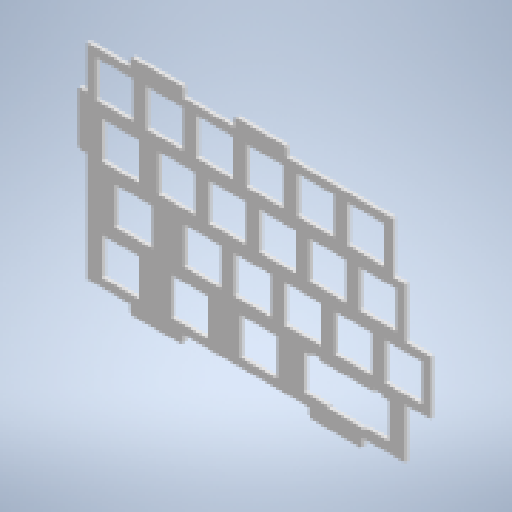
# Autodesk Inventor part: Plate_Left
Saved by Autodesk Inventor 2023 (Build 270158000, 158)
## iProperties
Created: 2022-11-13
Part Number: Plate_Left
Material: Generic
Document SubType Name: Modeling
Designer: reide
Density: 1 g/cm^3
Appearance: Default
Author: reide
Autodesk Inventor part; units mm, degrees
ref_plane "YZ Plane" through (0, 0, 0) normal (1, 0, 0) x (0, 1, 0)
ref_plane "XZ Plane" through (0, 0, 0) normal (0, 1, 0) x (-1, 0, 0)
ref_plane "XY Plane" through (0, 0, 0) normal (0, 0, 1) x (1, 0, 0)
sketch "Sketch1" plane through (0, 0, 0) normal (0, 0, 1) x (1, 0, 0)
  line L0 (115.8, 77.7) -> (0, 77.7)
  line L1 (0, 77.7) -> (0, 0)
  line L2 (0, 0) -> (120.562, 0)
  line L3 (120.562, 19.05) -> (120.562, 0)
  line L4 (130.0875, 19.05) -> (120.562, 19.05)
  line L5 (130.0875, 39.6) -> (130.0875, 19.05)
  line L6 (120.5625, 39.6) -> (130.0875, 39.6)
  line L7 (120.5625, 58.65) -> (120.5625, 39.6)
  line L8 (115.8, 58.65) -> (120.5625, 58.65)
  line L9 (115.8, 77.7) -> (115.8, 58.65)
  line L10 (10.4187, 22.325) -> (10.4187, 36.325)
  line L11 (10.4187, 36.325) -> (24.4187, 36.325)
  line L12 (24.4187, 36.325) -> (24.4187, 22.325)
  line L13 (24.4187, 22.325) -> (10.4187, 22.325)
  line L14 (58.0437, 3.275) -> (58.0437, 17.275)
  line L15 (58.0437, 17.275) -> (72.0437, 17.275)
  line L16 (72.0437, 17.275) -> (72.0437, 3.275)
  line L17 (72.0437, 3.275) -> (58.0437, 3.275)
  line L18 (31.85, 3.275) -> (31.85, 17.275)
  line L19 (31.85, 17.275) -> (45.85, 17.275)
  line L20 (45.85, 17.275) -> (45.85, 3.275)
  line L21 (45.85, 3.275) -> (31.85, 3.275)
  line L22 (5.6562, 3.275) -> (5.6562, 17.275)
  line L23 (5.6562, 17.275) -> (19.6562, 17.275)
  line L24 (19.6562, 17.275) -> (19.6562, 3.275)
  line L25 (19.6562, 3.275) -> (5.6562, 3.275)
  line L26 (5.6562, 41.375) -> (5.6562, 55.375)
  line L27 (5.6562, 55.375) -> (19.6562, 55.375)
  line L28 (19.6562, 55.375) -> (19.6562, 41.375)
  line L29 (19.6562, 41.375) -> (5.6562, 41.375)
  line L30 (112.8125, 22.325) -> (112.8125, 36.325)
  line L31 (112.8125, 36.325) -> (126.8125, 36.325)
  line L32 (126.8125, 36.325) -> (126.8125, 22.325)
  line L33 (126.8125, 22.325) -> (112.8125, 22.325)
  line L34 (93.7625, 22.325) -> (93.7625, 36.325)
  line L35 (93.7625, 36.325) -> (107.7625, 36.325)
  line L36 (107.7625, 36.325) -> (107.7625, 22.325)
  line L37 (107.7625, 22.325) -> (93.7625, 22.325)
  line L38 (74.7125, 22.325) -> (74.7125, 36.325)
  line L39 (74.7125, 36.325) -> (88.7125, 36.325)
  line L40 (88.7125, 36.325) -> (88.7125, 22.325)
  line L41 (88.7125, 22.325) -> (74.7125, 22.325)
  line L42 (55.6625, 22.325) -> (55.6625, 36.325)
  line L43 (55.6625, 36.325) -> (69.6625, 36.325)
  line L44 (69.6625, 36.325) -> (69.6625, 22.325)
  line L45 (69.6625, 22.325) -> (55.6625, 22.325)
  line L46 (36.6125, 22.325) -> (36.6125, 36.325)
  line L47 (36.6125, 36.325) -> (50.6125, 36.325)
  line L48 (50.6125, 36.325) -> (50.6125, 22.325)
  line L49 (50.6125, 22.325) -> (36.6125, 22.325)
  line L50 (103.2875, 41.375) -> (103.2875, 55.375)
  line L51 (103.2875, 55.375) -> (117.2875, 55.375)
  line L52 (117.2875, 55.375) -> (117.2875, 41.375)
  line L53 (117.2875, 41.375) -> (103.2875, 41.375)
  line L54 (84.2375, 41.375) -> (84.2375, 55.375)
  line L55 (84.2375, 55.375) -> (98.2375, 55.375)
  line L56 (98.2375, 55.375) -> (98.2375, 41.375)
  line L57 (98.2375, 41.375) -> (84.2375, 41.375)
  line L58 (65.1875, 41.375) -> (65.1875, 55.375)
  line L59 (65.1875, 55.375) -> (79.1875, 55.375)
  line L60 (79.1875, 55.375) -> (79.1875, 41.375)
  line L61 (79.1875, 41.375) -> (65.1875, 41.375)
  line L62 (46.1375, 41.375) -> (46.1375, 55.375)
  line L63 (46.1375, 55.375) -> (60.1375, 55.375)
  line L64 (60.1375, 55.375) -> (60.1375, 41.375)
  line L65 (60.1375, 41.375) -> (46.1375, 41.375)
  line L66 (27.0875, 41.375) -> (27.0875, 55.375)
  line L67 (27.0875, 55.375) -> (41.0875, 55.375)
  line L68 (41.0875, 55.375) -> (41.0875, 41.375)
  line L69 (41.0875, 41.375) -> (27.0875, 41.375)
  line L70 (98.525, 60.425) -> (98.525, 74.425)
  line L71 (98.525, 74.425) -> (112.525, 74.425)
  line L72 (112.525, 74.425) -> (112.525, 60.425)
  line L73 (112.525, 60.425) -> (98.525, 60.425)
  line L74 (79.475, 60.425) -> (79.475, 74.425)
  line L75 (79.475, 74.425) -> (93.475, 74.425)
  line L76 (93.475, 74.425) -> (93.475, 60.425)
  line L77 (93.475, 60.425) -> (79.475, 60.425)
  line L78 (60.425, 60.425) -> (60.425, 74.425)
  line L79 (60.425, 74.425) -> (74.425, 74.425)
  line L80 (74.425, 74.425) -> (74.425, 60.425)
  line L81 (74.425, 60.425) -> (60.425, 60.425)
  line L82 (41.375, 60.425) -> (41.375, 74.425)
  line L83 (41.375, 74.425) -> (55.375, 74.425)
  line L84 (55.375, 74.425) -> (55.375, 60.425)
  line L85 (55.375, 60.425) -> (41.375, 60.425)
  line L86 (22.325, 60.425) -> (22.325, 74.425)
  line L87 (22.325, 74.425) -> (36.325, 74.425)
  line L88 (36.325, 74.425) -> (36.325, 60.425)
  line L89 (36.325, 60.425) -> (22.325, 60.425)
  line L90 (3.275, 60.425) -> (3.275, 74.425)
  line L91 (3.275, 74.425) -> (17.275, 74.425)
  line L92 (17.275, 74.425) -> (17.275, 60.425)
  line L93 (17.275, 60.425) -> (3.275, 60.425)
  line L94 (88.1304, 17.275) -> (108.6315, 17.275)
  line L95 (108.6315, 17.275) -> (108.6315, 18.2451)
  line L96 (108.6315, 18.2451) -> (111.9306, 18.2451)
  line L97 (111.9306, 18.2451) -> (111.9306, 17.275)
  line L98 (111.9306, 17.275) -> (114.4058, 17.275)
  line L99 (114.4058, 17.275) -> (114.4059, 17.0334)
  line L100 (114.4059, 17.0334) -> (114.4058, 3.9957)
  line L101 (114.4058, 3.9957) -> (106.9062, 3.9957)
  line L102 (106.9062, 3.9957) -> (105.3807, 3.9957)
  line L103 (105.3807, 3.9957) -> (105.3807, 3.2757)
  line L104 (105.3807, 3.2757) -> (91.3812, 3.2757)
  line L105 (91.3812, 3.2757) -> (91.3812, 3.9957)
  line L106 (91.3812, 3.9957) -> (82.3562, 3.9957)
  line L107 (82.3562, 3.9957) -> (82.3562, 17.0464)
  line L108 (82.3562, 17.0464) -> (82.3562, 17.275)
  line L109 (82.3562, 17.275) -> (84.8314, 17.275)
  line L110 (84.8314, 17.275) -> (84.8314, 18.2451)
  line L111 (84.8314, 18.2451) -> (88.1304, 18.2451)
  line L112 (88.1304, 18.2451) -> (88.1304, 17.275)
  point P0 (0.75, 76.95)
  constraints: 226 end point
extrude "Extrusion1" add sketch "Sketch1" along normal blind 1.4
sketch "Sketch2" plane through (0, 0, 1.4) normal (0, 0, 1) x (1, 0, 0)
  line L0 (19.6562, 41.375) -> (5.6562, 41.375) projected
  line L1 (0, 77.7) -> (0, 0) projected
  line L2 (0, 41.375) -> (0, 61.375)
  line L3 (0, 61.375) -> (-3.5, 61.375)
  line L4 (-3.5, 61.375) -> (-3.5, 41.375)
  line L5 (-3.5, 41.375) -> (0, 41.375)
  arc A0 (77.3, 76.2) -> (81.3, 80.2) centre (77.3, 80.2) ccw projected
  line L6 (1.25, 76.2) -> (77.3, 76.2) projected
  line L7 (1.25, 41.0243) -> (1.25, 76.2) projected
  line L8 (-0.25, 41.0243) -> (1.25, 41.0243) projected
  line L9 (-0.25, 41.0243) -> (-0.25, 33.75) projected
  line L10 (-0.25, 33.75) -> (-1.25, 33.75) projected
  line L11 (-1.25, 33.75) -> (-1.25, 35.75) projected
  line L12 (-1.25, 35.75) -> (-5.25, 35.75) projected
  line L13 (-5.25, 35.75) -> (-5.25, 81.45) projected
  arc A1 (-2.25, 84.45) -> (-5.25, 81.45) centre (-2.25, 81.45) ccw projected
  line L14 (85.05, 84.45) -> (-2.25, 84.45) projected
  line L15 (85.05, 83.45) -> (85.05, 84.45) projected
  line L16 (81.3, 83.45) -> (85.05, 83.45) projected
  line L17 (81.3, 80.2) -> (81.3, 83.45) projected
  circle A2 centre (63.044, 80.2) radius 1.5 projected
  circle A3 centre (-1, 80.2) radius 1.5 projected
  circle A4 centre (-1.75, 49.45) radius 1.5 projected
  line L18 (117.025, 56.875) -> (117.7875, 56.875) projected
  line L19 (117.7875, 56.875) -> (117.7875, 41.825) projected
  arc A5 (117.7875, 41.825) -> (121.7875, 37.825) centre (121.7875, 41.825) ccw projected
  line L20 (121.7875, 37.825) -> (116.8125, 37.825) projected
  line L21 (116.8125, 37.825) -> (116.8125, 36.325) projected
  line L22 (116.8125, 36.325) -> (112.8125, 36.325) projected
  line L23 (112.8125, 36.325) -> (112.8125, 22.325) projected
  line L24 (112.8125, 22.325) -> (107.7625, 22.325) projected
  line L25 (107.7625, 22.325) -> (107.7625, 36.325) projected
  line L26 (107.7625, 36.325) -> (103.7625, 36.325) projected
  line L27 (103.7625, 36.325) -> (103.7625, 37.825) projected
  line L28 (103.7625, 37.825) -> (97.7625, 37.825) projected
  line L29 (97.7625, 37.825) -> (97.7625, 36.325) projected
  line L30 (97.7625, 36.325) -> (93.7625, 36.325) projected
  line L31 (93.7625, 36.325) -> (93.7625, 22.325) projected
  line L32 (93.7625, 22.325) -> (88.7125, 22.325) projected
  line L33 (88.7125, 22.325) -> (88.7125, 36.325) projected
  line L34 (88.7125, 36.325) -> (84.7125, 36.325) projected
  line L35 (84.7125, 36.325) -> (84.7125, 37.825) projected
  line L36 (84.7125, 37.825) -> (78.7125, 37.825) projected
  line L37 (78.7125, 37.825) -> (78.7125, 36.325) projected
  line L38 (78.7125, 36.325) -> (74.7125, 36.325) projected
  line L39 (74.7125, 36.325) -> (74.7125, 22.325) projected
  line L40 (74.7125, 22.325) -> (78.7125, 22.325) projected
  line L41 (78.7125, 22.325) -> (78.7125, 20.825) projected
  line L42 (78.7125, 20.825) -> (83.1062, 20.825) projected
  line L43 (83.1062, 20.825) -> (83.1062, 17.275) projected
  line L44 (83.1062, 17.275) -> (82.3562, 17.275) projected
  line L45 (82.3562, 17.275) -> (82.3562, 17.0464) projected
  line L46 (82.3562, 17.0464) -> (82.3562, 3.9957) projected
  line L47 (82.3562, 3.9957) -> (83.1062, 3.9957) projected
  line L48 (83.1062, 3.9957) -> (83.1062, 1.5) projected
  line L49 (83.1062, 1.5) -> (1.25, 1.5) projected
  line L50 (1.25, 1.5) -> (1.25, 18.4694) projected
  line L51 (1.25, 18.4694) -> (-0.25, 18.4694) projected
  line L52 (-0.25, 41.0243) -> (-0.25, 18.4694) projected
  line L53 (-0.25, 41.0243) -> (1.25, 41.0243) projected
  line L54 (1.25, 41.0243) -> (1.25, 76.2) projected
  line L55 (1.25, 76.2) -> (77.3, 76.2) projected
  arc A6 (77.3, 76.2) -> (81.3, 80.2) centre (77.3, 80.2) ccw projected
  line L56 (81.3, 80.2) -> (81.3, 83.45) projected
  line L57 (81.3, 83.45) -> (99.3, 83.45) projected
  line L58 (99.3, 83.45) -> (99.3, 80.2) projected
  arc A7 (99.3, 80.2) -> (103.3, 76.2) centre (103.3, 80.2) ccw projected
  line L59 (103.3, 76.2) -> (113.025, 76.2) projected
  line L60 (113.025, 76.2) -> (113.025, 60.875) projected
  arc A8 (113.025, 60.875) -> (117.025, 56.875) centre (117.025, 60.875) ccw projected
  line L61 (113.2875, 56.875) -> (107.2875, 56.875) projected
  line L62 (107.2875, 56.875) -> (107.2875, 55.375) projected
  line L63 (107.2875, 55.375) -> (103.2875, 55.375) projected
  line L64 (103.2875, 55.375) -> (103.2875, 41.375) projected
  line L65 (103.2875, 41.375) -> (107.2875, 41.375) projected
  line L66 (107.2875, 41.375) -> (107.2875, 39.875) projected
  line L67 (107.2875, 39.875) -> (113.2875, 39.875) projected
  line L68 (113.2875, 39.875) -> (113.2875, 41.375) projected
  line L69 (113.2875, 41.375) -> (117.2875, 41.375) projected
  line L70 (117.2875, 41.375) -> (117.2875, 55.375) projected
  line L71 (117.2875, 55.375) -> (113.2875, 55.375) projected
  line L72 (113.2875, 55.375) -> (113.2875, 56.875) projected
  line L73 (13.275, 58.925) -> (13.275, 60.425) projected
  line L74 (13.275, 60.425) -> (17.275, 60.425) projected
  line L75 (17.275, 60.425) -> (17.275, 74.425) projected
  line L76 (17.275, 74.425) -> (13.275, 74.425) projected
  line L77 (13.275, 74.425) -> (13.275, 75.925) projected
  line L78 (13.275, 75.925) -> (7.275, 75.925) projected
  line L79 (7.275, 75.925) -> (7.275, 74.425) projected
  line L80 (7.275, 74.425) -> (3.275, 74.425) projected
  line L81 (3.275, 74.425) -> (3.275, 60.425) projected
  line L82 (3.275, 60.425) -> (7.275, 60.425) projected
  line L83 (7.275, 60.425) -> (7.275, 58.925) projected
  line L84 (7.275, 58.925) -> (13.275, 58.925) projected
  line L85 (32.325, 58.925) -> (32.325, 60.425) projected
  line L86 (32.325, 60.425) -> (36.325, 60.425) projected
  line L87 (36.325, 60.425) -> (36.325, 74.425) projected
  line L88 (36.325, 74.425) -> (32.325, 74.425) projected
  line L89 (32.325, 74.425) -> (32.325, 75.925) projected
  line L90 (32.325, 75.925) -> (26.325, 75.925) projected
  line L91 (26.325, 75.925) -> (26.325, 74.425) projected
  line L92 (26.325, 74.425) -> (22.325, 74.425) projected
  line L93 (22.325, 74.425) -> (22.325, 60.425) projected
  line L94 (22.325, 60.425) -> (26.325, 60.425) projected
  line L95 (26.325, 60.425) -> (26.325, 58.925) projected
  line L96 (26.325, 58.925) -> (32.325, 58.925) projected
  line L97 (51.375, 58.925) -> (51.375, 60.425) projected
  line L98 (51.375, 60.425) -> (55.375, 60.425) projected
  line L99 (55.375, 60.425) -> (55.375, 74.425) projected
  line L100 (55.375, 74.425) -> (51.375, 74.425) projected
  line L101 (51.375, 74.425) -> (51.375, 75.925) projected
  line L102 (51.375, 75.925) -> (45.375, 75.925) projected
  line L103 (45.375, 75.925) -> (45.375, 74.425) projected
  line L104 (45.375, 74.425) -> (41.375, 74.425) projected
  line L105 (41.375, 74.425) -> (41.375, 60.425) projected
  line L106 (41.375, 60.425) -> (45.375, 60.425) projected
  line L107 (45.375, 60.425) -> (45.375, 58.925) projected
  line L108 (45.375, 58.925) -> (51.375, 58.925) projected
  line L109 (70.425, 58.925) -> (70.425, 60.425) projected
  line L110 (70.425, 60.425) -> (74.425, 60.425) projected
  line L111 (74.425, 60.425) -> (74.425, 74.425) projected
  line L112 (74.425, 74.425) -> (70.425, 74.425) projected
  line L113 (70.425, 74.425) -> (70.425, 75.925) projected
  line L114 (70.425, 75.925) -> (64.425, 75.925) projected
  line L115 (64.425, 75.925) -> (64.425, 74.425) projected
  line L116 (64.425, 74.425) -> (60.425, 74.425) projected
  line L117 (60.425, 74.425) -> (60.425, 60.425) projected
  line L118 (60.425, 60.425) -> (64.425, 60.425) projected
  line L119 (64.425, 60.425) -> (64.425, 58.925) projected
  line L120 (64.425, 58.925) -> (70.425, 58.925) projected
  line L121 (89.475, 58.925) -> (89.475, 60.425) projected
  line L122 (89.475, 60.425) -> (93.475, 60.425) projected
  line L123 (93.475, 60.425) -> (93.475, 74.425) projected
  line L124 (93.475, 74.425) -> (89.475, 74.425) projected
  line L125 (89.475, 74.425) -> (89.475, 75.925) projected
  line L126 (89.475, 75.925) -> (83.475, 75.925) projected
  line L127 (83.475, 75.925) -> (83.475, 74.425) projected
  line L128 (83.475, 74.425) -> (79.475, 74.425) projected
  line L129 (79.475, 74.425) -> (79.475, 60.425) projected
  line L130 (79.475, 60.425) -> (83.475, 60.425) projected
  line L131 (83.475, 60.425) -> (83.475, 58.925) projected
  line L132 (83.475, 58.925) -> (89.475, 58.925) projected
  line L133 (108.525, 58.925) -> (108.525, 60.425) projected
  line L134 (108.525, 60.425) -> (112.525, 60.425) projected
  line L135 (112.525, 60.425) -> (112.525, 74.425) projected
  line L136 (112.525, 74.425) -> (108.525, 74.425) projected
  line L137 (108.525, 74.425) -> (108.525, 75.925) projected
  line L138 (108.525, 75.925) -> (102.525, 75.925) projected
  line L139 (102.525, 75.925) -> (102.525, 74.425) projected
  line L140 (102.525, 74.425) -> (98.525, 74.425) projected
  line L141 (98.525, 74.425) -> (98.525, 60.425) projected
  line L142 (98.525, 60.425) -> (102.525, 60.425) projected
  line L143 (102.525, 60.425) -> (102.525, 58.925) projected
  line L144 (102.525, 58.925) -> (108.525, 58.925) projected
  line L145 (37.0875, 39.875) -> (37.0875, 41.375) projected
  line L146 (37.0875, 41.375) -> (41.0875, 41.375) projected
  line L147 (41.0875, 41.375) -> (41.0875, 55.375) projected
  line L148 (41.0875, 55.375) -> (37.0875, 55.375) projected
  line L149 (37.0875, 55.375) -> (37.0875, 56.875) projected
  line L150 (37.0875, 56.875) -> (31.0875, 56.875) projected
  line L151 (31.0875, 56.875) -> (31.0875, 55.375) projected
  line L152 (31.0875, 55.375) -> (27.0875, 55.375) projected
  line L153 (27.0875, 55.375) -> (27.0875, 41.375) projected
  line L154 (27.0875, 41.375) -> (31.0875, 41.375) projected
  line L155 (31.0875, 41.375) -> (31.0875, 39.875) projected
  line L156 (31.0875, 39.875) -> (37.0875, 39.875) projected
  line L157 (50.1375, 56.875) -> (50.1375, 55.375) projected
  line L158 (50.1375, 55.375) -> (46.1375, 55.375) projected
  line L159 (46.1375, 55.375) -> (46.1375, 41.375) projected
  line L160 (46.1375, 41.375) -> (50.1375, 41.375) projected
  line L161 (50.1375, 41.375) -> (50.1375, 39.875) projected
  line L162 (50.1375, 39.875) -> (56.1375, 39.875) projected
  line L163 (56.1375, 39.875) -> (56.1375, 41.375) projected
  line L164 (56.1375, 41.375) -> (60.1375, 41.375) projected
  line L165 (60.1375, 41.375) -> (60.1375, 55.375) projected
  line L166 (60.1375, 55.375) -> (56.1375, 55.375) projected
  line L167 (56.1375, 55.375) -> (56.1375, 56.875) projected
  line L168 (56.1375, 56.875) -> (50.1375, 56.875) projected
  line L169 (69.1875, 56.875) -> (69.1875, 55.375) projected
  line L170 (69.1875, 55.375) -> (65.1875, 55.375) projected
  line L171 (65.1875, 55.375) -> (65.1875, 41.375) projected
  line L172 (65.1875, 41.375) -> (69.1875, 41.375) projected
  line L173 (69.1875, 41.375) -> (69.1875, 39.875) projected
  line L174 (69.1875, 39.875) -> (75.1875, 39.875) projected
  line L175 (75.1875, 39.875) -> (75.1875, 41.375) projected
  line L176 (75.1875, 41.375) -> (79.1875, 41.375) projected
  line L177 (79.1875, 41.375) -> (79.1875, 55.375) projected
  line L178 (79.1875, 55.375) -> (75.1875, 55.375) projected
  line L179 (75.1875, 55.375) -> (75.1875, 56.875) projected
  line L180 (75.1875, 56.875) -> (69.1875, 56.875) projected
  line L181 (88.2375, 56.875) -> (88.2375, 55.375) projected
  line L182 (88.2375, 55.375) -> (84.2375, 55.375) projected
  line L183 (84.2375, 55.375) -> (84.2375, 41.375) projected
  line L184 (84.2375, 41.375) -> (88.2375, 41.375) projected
○ ○ ○
### Assignment:
Of the lines above, extract only those from the line with "line L123 (93.475, 60.425)" to the line with "line L132 (83.475, 58.925)", both included, exactly as written.

### Reply:
  line L123 (93.475, 60.425) -> (93.475, 74.425) projected
  line L124 (93.475, 74.425) -> (89.475, 74.425) projected
  line L125 (89.475, 74.425) -> (89.475, 75.925) projected
  line L126 (89.475, 75.925) -> (83.475, 75.925) projected
  line L127 (83.475, 75.925) -> (83.475, 74.425) projected
  line L128 (83.475, 74.425) -> (79.475, 74.425) projected
  line L129 (79.475, 74.425) -> (79.475, 60.425) projected
  line L130 (79.475, 60.425) -> (83.475, 60.425) projected
  line L131 (83.475, 60.425) -> (83.475, 58.925) projected
  line L132 (83.475, 58.925) -> (89.475, 58.925) projected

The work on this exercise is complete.